__Task to carry out__. Repeat exactly the lines that run from the start of the records below to the line with "95.6h3.5M122.3 96.1h1.9M207.1 92.2l.7-1.1", including both of those lines but not the pictures.

Segment Start: Provided records

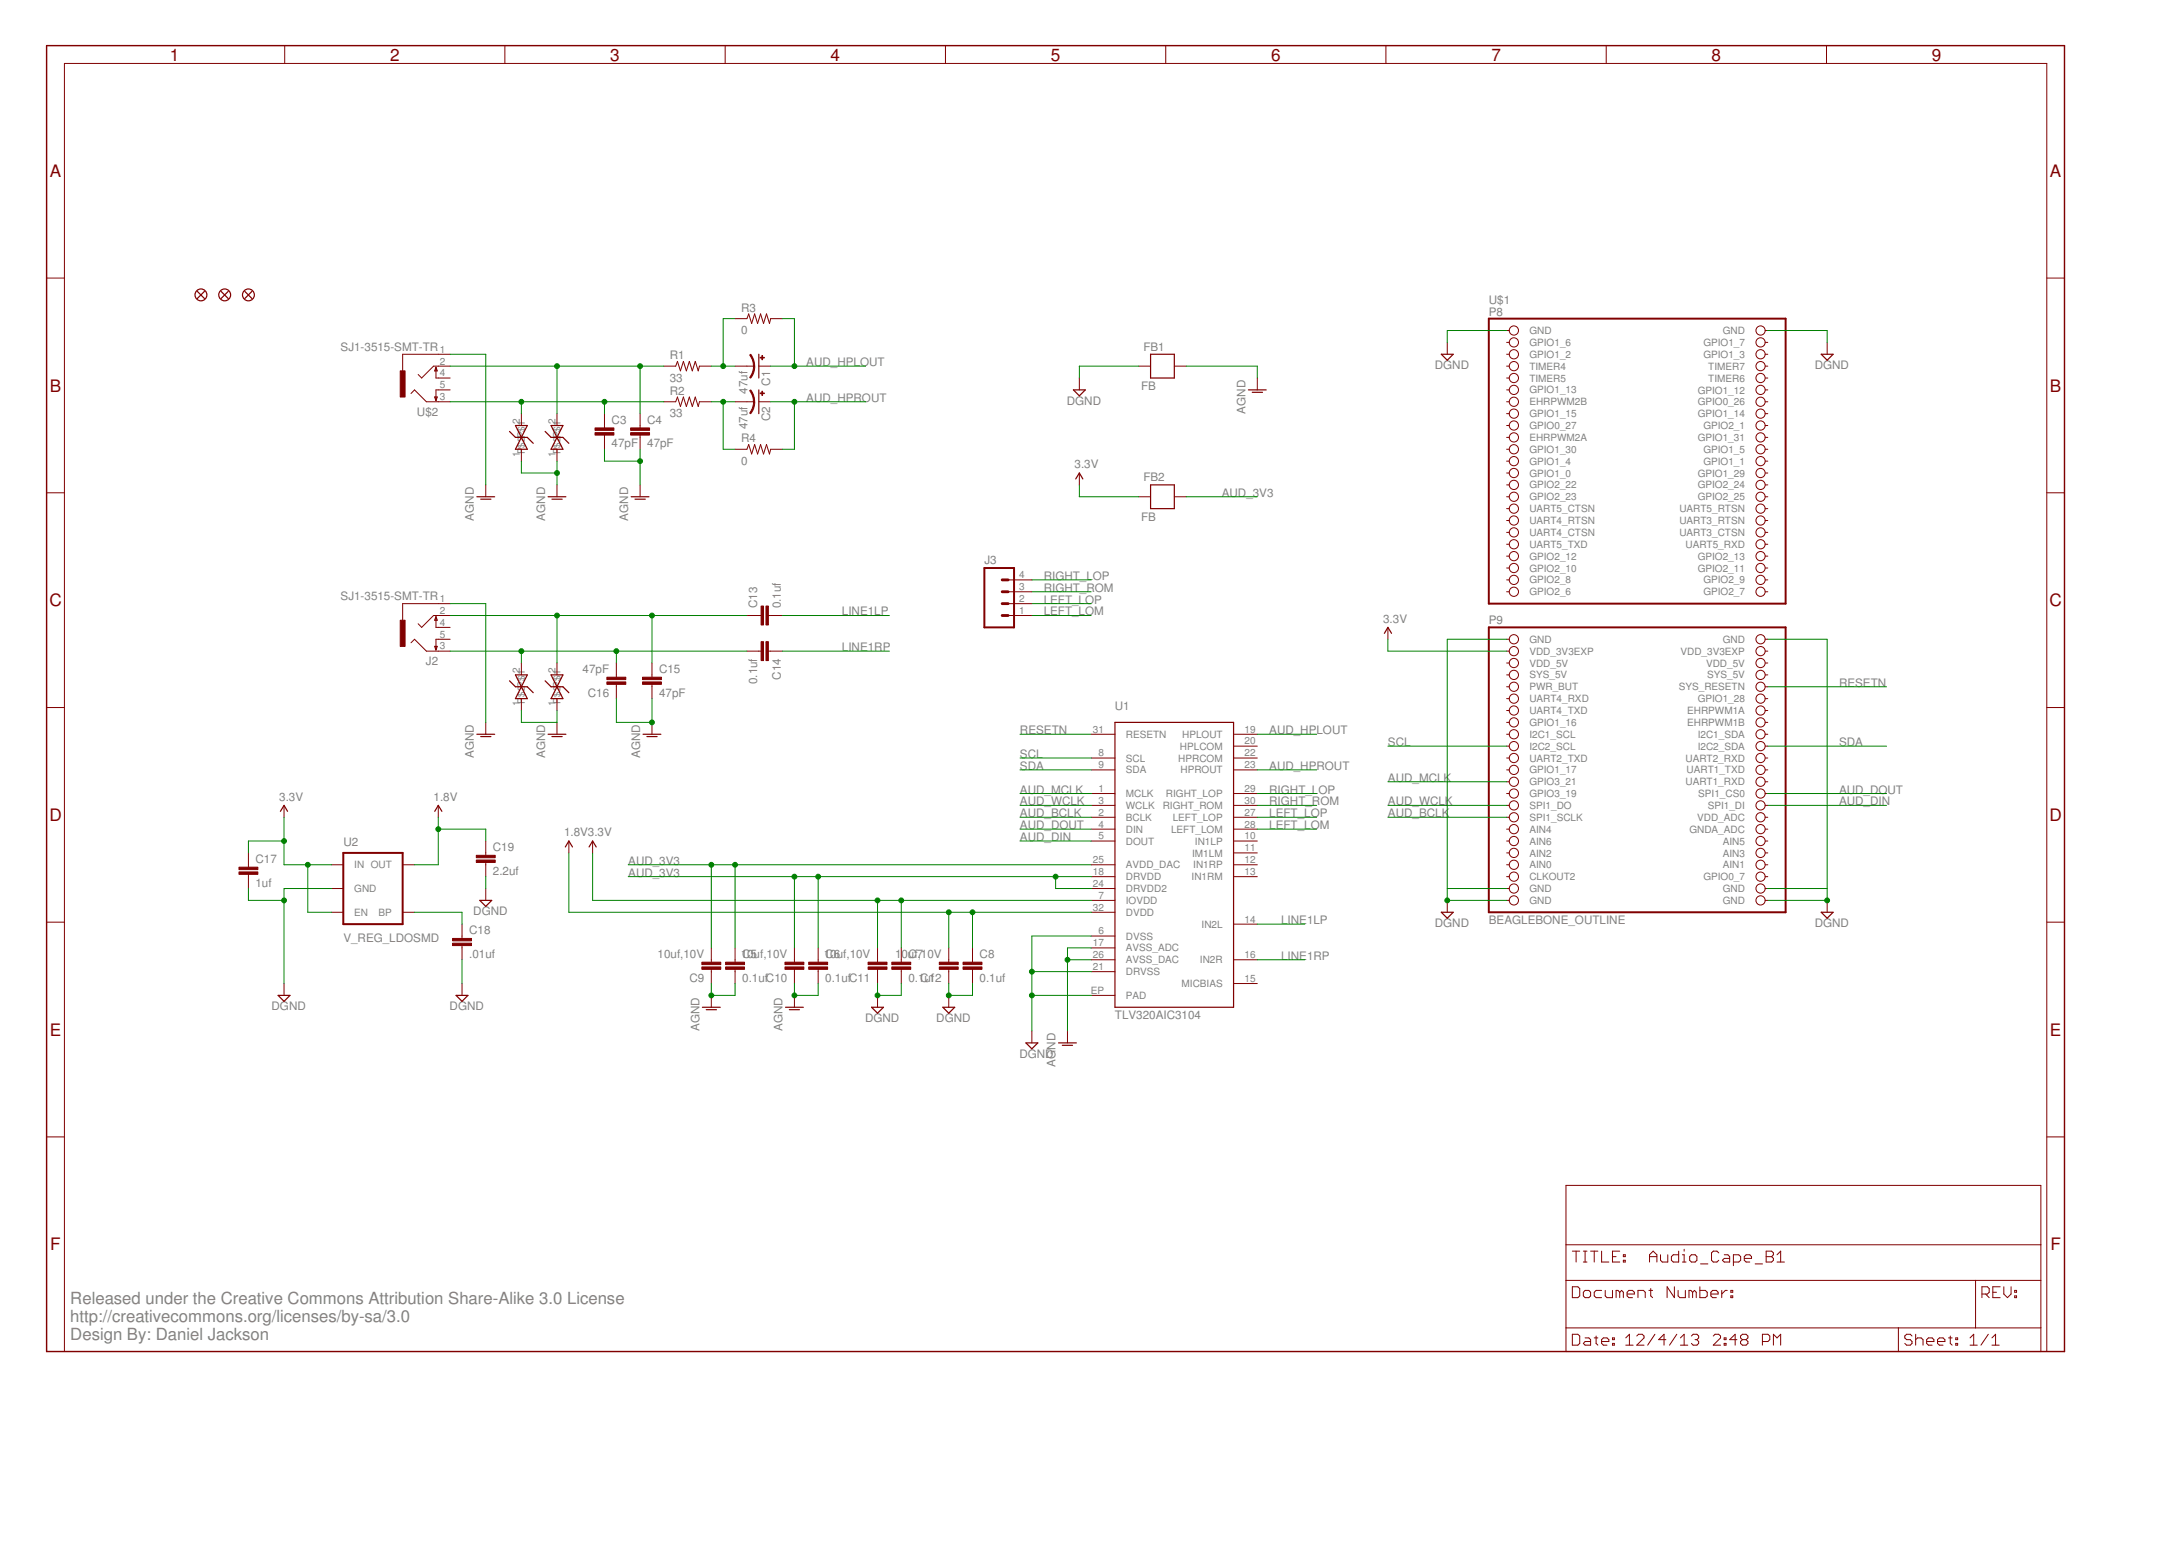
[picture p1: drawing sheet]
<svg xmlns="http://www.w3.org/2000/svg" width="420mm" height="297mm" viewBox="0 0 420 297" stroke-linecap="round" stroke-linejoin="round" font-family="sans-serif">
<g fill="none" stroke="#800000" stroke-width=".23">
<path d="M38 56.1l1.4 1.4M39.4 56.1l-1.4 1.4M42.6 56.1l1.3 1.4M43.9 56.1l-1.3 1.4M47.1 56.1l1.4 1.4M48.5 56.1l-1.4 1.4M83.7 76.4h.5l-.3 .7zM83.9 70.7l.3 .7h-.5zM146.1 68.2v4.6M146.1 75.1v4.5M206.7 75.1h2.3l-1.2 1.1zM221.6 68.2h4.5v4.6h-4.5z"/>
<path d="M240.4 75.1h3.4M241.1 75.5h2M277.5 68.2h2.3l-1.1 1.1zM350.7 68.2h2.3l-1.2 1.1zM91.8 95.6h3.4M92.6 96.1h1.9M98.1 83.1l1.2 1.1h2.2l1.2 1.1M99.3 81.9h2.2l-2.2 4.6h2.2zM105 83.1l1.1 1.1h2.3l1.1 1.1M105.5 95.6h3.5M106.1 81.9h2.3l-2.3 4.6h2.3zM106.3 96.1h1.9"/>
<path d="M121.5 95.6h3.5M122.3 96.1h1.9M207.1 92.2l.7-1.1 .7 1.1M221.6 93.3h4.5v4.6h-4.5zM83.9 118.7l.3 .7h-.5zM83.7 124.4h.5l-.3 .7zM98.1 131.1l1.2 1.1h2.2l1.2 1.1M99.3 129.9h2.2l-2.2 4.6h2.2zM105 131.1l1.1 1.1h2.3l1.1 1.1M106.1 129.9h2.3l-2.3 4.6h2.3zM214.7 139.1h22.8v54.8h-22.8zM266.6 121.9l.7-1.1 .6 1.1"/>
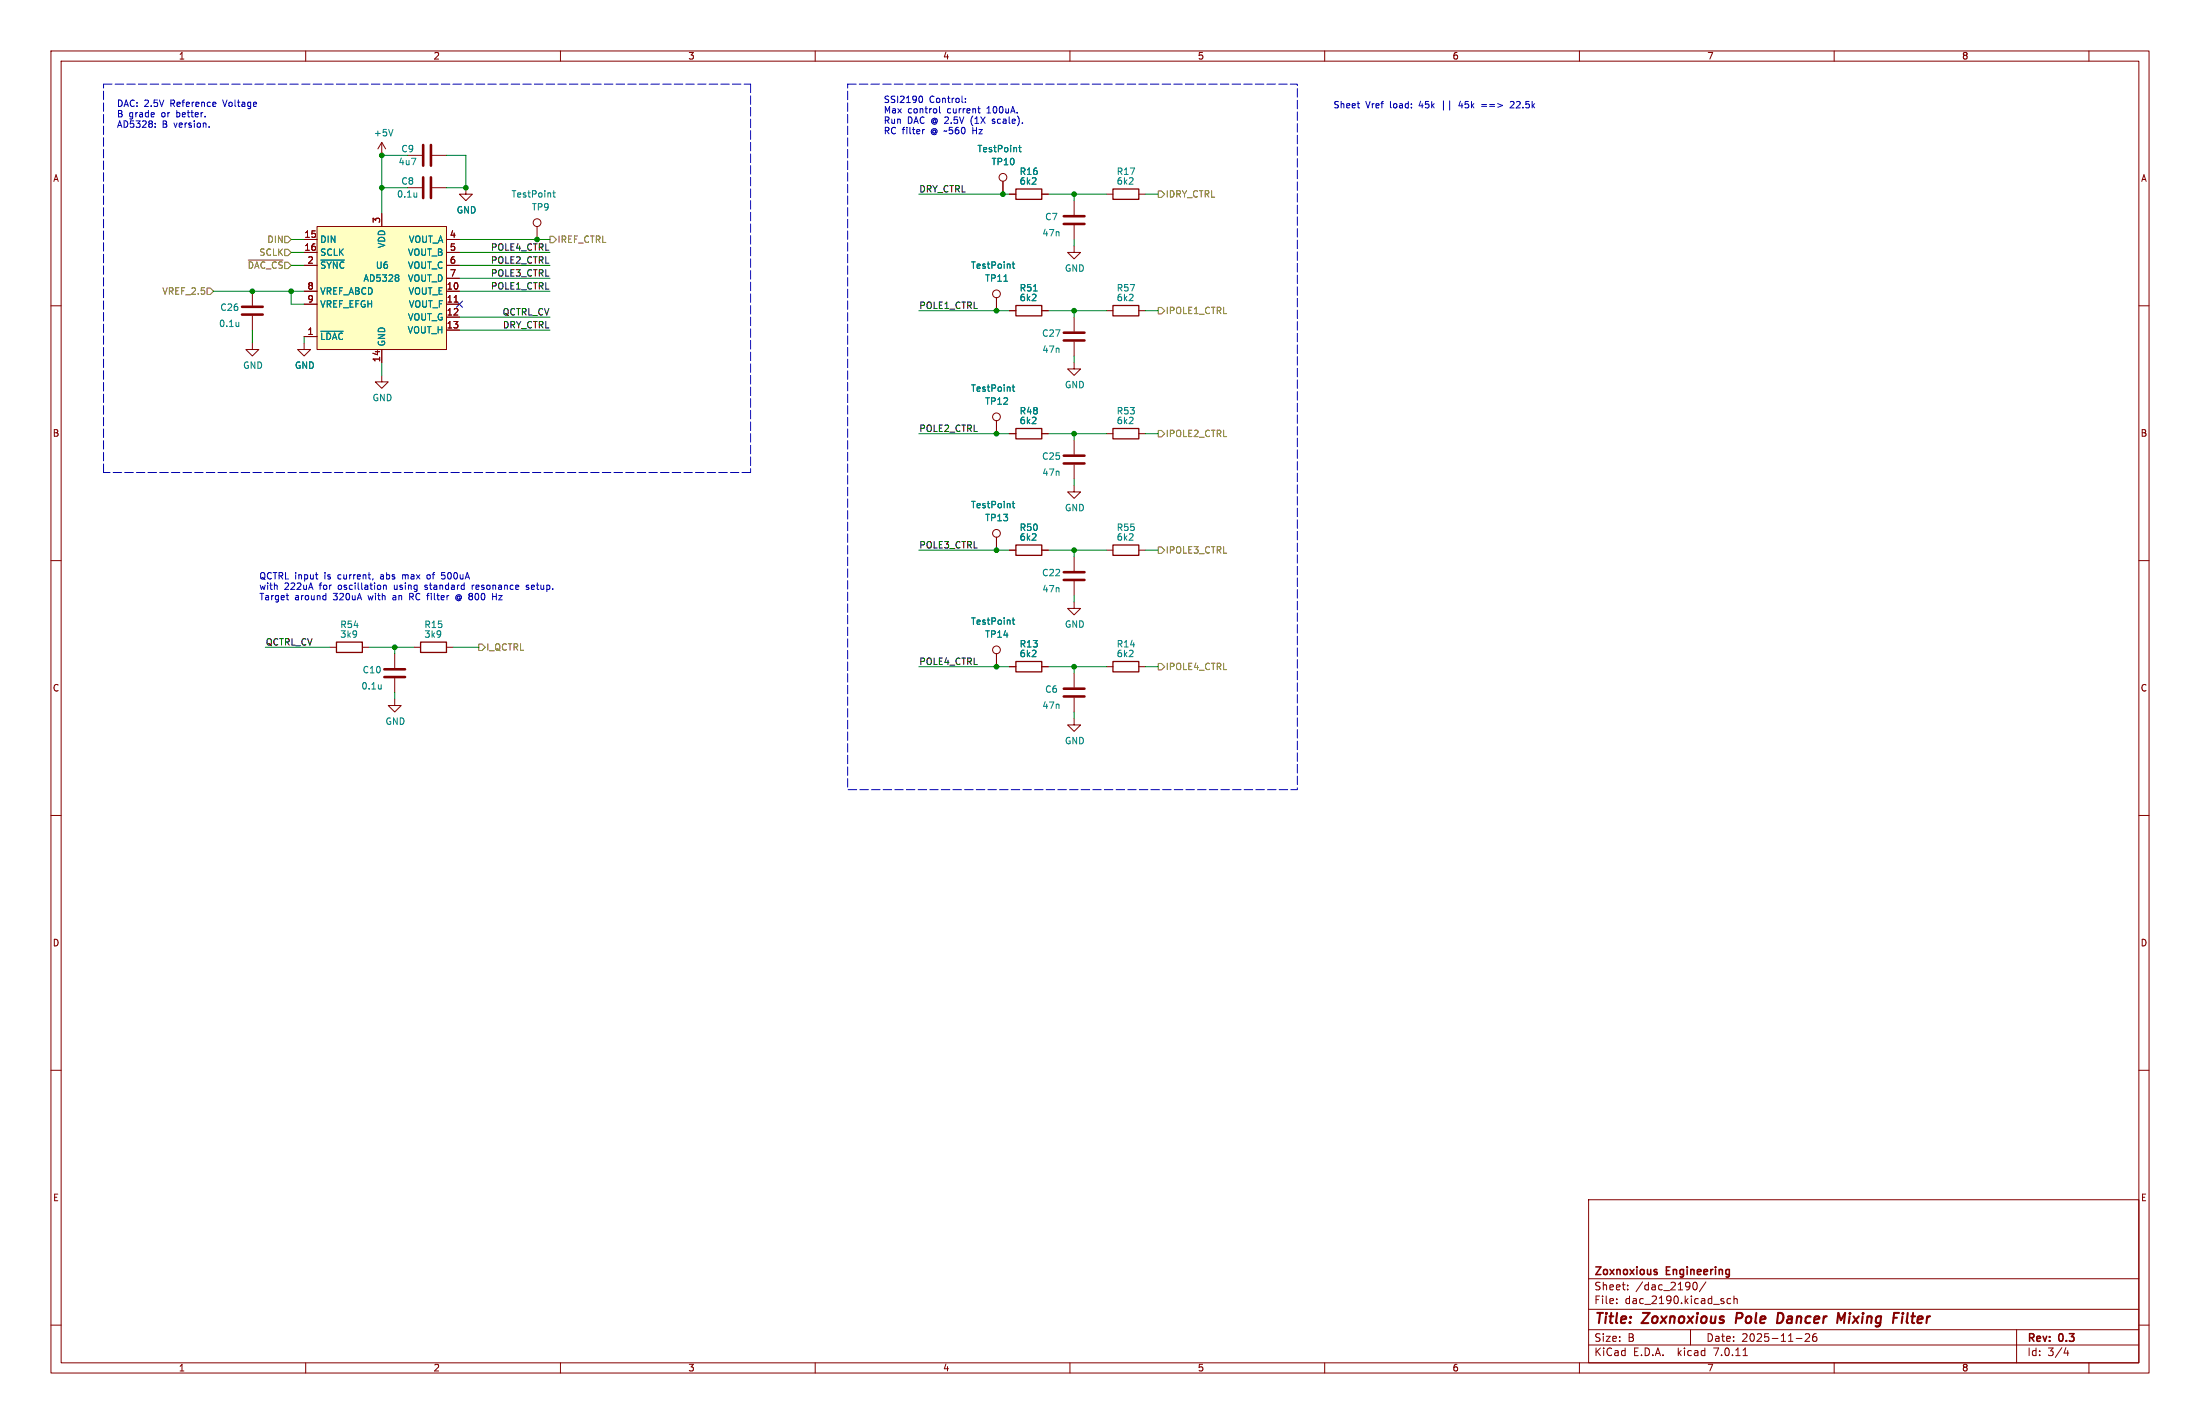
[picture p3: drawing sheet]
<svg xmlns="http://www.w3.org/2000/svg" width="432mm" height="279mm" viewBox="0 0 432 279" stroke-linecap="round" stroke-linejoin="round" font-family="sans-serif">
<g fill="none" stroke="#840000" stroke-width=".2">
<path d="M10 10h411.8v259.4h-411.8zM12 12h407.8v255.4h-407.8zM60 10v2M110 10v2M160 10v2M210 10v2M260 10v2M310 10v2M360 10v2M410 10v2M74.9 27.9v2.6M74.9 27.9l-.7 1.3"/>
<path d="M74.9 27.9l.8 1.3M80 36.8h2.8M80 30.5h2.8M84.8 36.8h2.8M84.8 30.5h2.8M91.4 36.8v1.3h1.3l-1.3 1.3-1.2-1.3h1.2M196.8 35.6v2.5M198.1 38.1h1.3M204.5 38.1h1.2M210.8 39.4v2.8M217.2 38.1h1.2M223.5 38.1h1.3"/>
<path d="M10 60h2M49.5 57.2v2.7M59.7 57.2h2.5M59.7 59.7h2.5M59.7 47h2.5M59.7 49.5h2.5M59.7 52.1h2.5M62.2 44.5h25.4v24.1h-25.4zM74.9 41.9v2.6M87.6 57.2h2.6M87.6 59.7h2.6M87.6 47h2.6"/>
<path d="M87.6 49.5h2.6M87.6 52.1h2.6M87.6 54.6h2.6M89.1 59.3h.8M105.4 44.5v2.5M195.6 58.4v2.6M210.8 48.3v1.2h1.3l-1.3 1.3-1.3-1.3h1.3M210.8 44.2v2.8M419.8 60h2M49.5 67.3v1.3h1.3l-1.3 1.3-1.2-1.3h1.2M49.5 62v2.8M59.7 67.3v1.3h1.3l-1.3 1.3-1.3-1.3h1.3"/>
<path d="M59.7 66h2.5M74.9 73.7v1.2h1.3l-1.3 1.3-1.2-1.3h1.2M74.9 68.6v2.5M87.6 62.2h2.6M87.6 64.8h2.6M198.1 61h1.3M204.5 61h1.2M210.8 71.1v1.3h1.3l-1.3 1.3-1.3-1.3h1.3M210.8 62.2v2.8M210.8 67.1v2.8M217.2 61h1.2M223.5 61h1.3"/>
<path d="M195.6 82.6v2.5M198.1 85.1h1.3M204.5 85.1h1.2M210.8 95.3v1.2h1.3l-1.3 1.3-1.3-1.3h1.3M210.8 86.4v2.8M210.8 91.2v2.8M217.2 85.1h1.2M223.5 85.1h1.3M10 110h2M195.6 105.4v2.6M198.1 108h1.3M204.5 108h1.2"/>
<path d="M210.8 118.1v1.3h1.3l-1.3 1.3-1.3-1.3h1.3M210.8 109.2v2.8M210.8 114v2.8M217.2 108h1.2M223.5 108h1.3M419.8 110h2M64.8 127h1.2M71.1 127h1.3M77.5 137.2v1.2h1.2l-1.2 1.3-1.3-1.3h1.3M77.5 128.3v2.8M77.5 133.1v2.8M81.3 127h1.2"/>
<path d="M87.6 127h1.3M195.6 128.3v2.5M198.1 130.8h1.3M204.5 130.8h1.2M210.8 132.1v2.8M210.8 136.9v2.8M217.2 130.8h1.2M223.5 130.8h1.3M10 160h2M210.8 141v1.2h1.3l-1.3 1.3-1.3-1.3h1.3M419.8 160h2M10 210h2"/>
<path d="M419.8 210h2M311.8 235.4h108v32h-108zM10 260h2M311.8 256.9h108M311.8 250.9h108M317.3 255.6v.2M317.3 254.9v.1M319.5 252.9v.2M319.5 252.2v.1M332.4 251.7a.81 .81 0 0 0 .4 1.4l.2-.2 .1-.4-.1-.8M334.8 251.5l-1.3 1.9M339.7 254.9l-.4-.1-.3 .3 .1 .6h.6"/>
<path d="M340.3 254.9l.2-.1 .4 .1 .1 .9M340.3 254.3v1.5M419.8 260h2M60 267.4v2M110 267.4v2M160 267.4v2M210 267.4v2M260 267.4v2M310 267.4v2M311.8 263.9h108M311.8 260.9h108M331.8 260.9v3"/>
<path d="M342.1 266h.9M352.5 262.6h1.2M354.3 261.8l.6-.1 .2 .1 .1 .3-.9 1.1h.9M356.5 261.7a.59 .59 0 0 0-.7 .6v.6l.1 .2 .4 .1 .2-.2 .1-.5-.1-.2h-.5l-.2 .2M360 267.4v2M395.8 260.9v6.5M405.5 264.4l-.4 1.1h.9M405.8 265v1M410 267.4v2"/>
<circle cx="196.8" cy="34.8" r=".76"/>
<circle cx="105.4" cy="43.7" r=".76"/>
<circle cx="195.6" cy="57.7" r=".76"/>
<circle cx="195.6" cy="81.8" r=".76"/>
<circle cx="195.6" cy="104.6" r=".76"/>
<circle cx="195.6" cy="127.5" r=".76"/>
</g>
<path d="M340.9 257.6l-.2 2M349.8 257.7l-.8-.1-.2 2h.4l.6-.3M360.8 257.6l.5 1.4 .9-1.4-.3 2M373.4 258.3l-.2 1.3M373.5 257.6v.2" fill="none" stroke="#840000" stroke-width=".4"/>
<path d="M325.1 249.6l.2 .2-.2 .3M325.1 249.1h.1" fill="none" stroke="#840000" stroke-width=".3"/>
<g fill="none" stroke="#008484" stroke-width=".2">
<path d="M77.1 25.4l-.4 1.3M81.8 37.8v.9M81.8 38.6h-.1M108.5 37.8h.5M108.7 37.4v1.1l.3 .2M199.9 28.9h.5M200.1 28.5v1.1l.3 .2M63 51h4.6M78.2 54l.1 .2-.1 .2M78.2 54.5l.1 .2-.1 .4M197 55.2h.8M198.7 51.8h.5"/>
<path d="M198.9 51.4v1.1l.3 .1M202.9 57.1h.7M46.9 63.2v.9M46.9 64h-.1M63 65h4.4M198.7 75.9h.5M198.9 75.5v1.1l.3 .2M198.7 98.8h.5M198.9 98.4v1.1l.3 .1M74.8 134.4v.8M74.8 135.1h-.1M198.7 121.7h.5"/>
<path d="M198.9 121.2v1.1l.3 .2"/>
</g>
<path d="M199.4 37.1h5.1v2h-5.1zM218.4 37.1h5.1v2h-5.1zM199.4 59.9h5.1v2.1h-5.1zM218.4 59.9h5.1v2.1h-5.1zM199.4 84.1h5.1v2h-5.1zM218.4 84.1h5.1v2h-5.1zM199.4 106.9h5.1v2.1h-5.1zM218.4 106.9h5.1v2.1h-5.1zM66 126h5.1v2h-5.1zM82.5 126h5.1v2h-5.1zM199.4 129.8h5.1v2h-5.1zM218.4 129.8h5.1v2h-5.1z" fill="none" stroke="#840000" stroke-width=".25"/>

Segment End: Provided records

__Task response__.
[picture p1: drawing sheet]
<svg xmlns="http://www.w3.org/2000/svg" width="420mm" height="297mm" viewBox="0 0 420 297" stroke-linecap="round" stroke-linejoin="round" font-family="sans-serif">
<g fill="none" stroke="#800000" stroke-width=".23">
<path d="M38 56.1l1.4 1.4M39.4 56.1l-1.4 1.4M42.6 56.1l1.3 1.4M43.9 56.1l-1.3 1.4M47.1 56.1l1.4 1.4M48.5 56.1l-1.4 1.4M83.7 76.4h.5l-.3 .7zM83.9 70.7l.3 .7h-.5zM146.1 68.2v4.6M146.1 75.1v4.5M206.7 75.1h2.3l-1.2 1.1zM221.6 68.2h4.5v4.6h-4.5z"/>
<path d="M240.4 75.1h3.4M241.1 75.5h2M277.5 68.2h2.3l-1.1 1.1zM350.7 68.2h2.3l-1.2 1.1zM91.8 95.6h3.4M92.6 96.1h1.9M98.1 83.1l1.2 1.1h2.2l1.2 1.1M99.3 81.9h2.2l-2.2 4.6h2.2zM105 83.1l1.1 1.1h2.3l1.1 1.1M105.5 95.6h3.5M106.1 81.9h2.3l-2.3 4.6h2.3zM106.3 96.1h1.9"/>
<path d="M121.5 95.6h3.5M122.3 96.1h1.9M207.1 92.2l.7-1.1 .7 1.1M221.6 93.3h4.5v4.6h-4.5zM83.9 118.7l.3 .7h-.5zM83.7 124.4h.5l-.3 .7zM98.1 131.1l1.2 1.1h2.2l1.2 1.1M99.3 129.9h2.2l-2.2 4.6h2.2zM105 131.1l1.1 1.1h2.3l1.1 1.1M106.1 129.9h2.3l-2.3 4.6h2.3zM214.7 139.1h22.8v54.8h-22.8zM266.6 121.9l.7-1.1 .6 1.1"/>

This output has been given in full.